Now I know there are enough sad articles and stories, but I want to say something too.
So I'm going through that phase where I can't take the 'study pressure' anymore. I mean I can, but I just don't want to anymore. I'm not on the verge or something but I just need someone to understand that I don't like this pressure thing. I don't deal nicely with pressure. I'm one of those shy ambiverts who just shouldn't be left alone with their thoughts.
I'm one of those kind hearted people that you can always trust. I'm not gonna be modest here cause it is definitely a trait people take advantage of. I once called a friend to know about the homework in class and I was like really late on homework but still I heard her voice crack and she wanted to end the call but I kept talking to her. The point is, I was there for here. And I truly was cause I had to stay up the night covering for the 1-2 hours on the call. Cut to, she only calls me for work and shit. Practically uses me. But that's okay with me cause it's the smallest of my concerns. And there are numerous such cases.
The thing is I cannot keep anything bad on my conscience.
I am a TRUE BELIEVER of the FACT that absolutely no human is selfless. I know you disagree but listen. All the good deeds people do is to keep their conscience clear like they don't wanna be the reason. They don't wanna not help when they can and feel guilty for that. I don't know how to explain this better.
I am your average, 'mom thinks I'm the prettiest but the guys don't' girl. Self confidence does not exist. Cannot socialize with strangers. Denies to acknowledge people flirting with me cause why would they? The - I do love myself but I just don't.
I'm like the Schrödinger's cat, in the case where I can simultaneously love and not-love myself until put in a situation/seen. I can be intimidated so freaking easily, it's sad.

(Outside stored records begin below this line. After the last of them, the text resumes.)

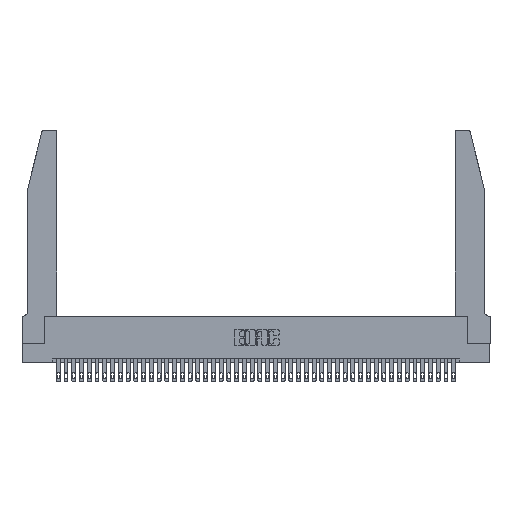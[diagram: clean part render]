
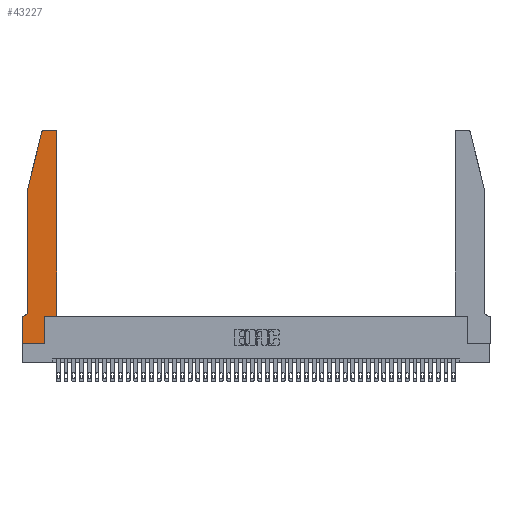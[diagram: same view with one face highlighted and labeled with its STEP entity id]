
A CAD part, top view. The second image highlights one B-rep face of the part: STEP entity #43227.
In plain terms, the highlighted planar face has unit normal (0, 0, 1).
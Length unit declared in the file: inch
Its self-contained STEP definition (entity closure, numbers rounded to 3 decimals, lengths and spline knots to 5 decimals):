
#622 = DIRECTION ( 'NONE',  ( 1., 0., 0. ) ) ;
#659 = CARTESIAN_POINT ( 'NONE',  ( 0.0755, 2., 0.37 ) ) ;
#669 = VECTOR ( 'NONE', #16665, 39.37008 ) ;
#737 = EDGE_CURVE ( 'NONE', #5990, #23715, #5614, .T. ) ;
#746 = CARTESIAN_POINT ( 'NONE',  ( 0., 0., 0.37 ) ) ;
#941 = ORIENTED_EDGE ( 'NONE', *, *, #5245, .T. ) ;
#997 = AXIS2_PLACEMENT_3D ( 'NONE', #36835, #16348, #6878 ) ;
#1511 = VECTOR ( 'NONE', #34102, 39.37008 ) ;
#1585 = CARTESIAN_POINT ( 'NONE',  ( 0.0755, 2., 0.37 ) ) ;
#1917 = CARTESIAN_POINT ( 'NONE',  ( 0.4205, 2.72, 0.37 ) ) ;
#2085 = ORIENTED_EDGE ( 'NONE', *, *, #23469, .T. ) ;
#2121 = CARTESIAN_POINT ( 'NONE',  ( 0.0055, 0.35, 0.37 ) ) ;
#2169 = CARTESIAN_POINT ( 'NONE',  ( 0.0755, 0.42, 0.37 ) ) ;
#2500 = VERTEX_POINT ( 'NONE', #10021 ) ;
#2548 = VECTOR ( 'NONE', #10915, 39.37008 ) ;
#2983 = ORIENTED_EDGE ( 'NONE', *, *, #7462, .T. ) ;
#3103 = LINE ( 'NONE', #7789, #33098 ) ;
#4253 = VERTEX_POINT ( 'NONE', #24891 ) ;
#4413 = VERTEX_POINT ( 'NONE', #15961 ) ;
#5015 = ORIENTED_EDGE ( 'NONE', *, *, #9977, .T. ) ;
#5245 = EDGE_CURVE ( 'NONE', #37400, #27369, #27476, .T. ) ;
#5614 = LINE ( 'NONE', #23602, #23258 ) ;
#5781 = VECTOR ( 'NONE', #25886, 39.37008 ) ;
#5990 = VERTEX_POINT ( 'NONE', #17314 ) ;
#6348 = DIRECTION ( 'NONE',  ( 0., -1., 0. ) ) ;
#6668 = EDGE_CURVE ( 'NONE', #4413, #11718, #29048, .T. ) ;
#6878 = DIRECTION ( 'NONE',  ( 1., 0., 0. ) ) ;
#6927 = EDGE_CURVE ( 'NONE', #13416, #5990, #22099, .T. ) ;
#7017 = LINE ( 'NONE', #14941, #35959 ) ;
#7110 = VECTOR ( 'NONE', #24988, 39.37008 ) ;
#7462 = EDGE_CURVE ( 'NONE', #28771, #40537, #7017, .T. ) ;
#7734 = ORIENTED_EDGE ( 'NONE', *, *, #6668, .T. ) ;
#7789 = CARTESIAN_POINT ( 'NONE',  ( 0.2605, 2.75, 0.37 ) ) ;
#9977 = EDGE_CURVE ( 'NONE', #16916, #4253, #10540, .T. ) ;
#10021 = CARTESIAN_POINT ( 'NONE',  ( 0.4205, 2.75, 0.37 ) ) ;
#10369 = AXIS2_PLACEMENT_3D ( 'NONE', #1917, #18962, #26243 ) ;
#10540 = LINE ( 'NONE', #43787, #1511 ) ;
#10915 = DIRECTION ( 'NONE',  ( 0., 1., 0. ) ) ;
#11714 = EDGE_CURVE ( 'NONE', #40537, #13416, #22880, .T. ) ;
#11718 = VERTEX_POINT ( 'NONE', #38920 ) ;
#11804 = FACE_OUTER_BOUND ( 'NONE', #36559, .T. ) ;
#13416 = VERTEX_POINT ( 'NONE', #34346 ) ;
#13511 = EDGE_CURVE ( 'NONE', #4253, #28771, #16256, .T. ) ;
#14941 = CARTESIAN_POINT ( 'NONE',  ( 0., 0., 0.37 ) ) ;
#14964 = CARTESIAN_POINT ( 'NONE',  ( 0.2865, 0., 0.37 ) ) ;
#15961 = CARTESIAN_POINT ( 'NONE',  ( 0.284, 2.75, 0.37 ) ) ;
#16256 = LINE ( 'NONE', #30144, #18978 ) ;
#16348 = DIRECTION ( 'NONE',  ( 0., 0., 1. ) ) ;
#16665 = DIRECTION ( 'NONE',  ( 1., 0., 0. ) ) ;
#16750 = EDGE_CURVE ( 'NONE', #2500, #4413, #3103, .T. ) ;
#16828 = EDGE_CURVE ( 'NONE', #11718, #37400, #40034, .T. ) ;
#16916 = VERTEX_POINT ( 'NONE', #2121 ) ;
#17314 = CARTESIAN_POINT ( 'NONE',  ( 0.4505, 0.35, 0.37 ) ) ;
#18962 = DIRECTION ( 'NONE',  ( 0., 0., 1. ) ) ;
#18978 = VECTOR ( 'NONE', #6348, 39.37008 ) ;
#19290 = ORIENTED_EDGE ( 'NONE', *, *, #16750, .T. ) ;
#21100 = ORIENTED_EDGE ( 'NONE', *, *, #13511, .T. ) ;
#21734 = CARTESIAN_POINT ( 'NONE',  ( 0.0755, 2., 0.37 ) ) ;
#22099 = LINE ( 'NONE', #26092, #669 ) ;
#22880 = LINE ( 'NONE', #43933, #2548 ) ;
#23258 = VECTOR ( 'NONE', #37070, 39.37008 ) ;
#23361 = ORIENTED_EDGE ( 'NONE', *, *, #11714, .T. ) ;
#23469 = EDGE_CURVE ( 'NONE', #27369, #16916, #39064, .T. ) ;
#23602 = CARTESIAN_POINT ( 'NONE',  ( 0.4505, 0.35, 0.37 ) ) ;
#23715 = VERTEX_POINT ( 'NONE', #25215 ) ;
#24795 = ORIENTED_EDGE ( 'NONE', *, *, #16828, .T. ) ;
#24891 = CARTESIAN_POINT ( 'NONE',  ( 0., 0.35, 0.37 ) ) ;
#24988 = DIRECTION ( 'NONE',  ( 0., -1., 0. ) ) ;
#25031 = AXIS2_PLACEMENT_3D ( 'NONE', #41374, #30810, #622 ) ;
#25215 = CARTESIAN_POINT ( 'NONE',  ( 0.4505, 2.72, 0.37 ) ) ;
#25886 = DIRECTION ( 'NONE',  ( -0.239, -0.971, 0. ) ) ;
#26092 = CARTESIAN_POINT ( 'NONE',  ( 0.4505, 0.35, 0.37 ) ) ;
#26243 = DIRECTION ( 'NONE',  ( 1., 0., 0. ) ) ;
#26548 = DIRECTION ( 'NONE',  ( -1., 0., 0. ) ) ;
#27369 = VERTEX_POINT ( 'NONE', #2169 ) ;
#27476 = LINE ( 'NONE', #21734, #7110 ) ;
#28443 = DIRECTION ( 'NONE',  ( -1., 0., 0. ) ) ;
#28679 = ORIENTED_EDGE ( 'NONE', *, *, #41401, .T. ) ;
#28771 = VERTEX_POINT ( 'NONE', #746 ) ;
#29048 = CIRCLE ( 'NONE', #997, 0.03 ) ;
#30144 = CARTESIAN_POINT ( 'NONE',  ( 0., 0., 0.37 ) ) ;
#30810 = DIRECTION ( 'NONE',  ( 0., 0., 1. ) ) ;
#31519 = AXIS2_PLACEMENT_3D ( 'NONE', #33029, #33458, #26548 ) ;
#33029 = CARTESIAN_POINT ( 'NONE',  ( 0.0055, 0.42, 0.37 ) ) ;
#33098 = VECTOR ( 'NONE', #28443, 39.37008 ) ;
#33458 = DIRECTION ( 'NONE',  ( 0., 0., -1. ) ) ;
#34102 = DIRECTION ( 'NONE',  ( -1., 0., 0. ) ) ;
#34346 = CARTESIAN_POINT ( 'NONE',  ( 0.2865, 0.35, 0.37 ) ) ;
#35883 = DIRECTION ( 'NONE',  ( 1., 0., 0. ) ) ;
#35959 = VECTOR ( 'NONE', #35883, 39.37008 ) ;
#36559 = EDGE_LOOP ( 'NONE', ( #19290, #7734, #24795, #941, #2085, #5015, #21100, #2983, #23361, #38832, #38585, #28679 ) ) ;
#36835 = CARTESIAN_POINT ( 'NONE',  ( 0.284, 2.72, 0.37 ) ) ;
#37070 = DIRECTION ( 'NONE',  ( 0., 1., 0. ) ) ;
#37400 = VERTEX_POINT ( 'NONE', #659 ) ;
#38585 = ORIENTED_EDGE ( 'NONE', *, *, #737, .T. ) ;
#38832 = ORIENTED_EDGE ( 'NONE', *, *, #6927, .T. ) ;
#38920 = CARTESIAN_POINT ( 'NONE',  ( 0.25487, 2.72718, 0.37 ) ) ;
#39064 = CIRCLE ( 'NONE', #31519, 0.07 ) ;
#40034 = LINE ( 'NONE', #1585, #5781 ) ;
#40537 = VERTEX_POINT ( 'NONE', #14964 ) ;
#41239 = PLANE ( 'NONE',  #25031 ) ;
#41374 = CARTESIAN_POINT ( 'NONE',  ( 0., 0.35, 0.37 ) ) ;
#41401 = EDGE_CURVE ( 'NONE', #23715, #2500, #43503, .T. ) ;
#43227 = ADVANCED_FACE ( 'NONE', ( #11804 ), #41239, .T. ) ;
#43503 = CIRCLE ( 'NONE', #10369, 0.03 ) ;
#43787 = CARTESIAN_POINT ( 'NONE',  ( 0.0755, 0.35, 0.37 ) ) ;
#43933 = CARTESIAN_POINT ( 'NONE',  ( 0.2865, 0.35, 0.37 ) ) ;
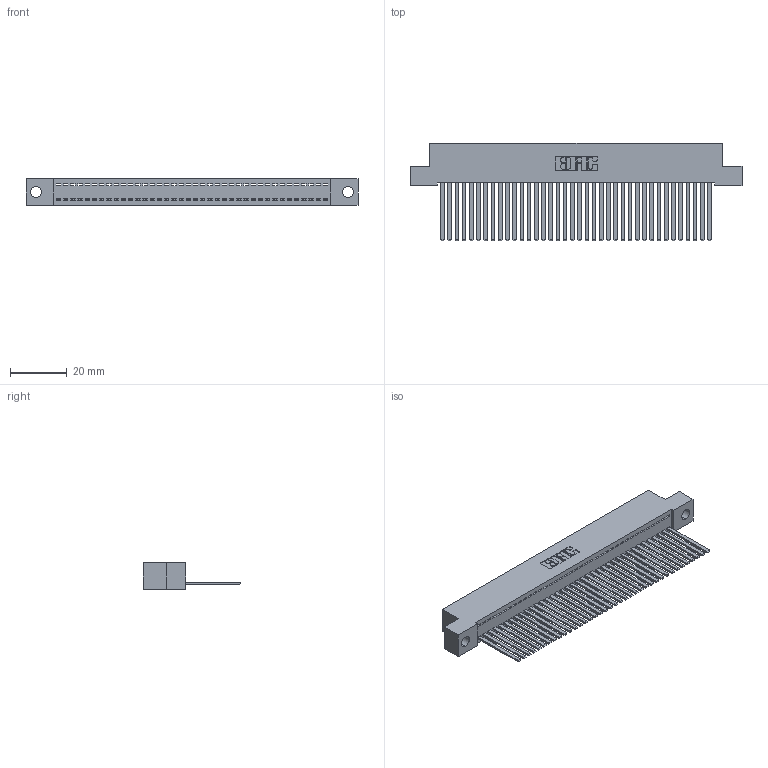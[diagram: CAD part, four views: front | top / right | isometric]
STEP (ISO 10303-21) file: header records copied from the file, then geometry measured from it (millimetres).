
FILE_DESCRIPTION (( 'STEP AP203' ), '1' );
FILE_NAME ('392-038-544-104.STEP', '2019-10-07T19:02:46', ( '' ), ( '' ), 'SwSTEP 2.0', 'SolidWorks 2016', '' );
FILE_SCHEMA (( 'CONFIG_CONTROL_DESIGN' ));
Length unit declared in the file: inch
Products named in the file (3): 392-038-544-104; 342 Part_.156 TH; 345-292-001_345-293-144
Assembly tree (39 placements, depth 2):
  392-038-544-104
    342 Part_.156 TH
    345-292-001_345-293-144  x38
Bounding box: 116.84 x 34.3 x 9.4 mm (x, y, z)
Volume: 10582.9 mm3; surface area: 16537.1 mm2
Topology: 39 solids, 39 shells, 2086 faces, 6303 edges, 4150 vertices
Faces by surface type: plane 1510, cylinder 576
Entity records: 23435 total; most frequent: CARTESIAN_POINT 4048, ORIENTED_EDGE 4022, DIRECTION 3419, EDGE_CURVE 2011, VECTOR 1887, LINE 1887, VERTEX_POINT 1338, AXIS2_PLACEMENT_3D 766

Awkward. Caring. Kind. Loyal. Shy. Nerd(if you don't know me). Fun( when you get to know me). Sarcastic. Good 2AM person to call. Helpful. Cute(personality wise). Wanderlust. Modest. ( this post doesn't prove so but I don't compliment myself unless it's in humour). Smart. Lacking self confidence. Cheerful.
These are some things about myself that people would say. This is me. And I'm really trying to love myself. Just sometimes, my thoughts get the better of me.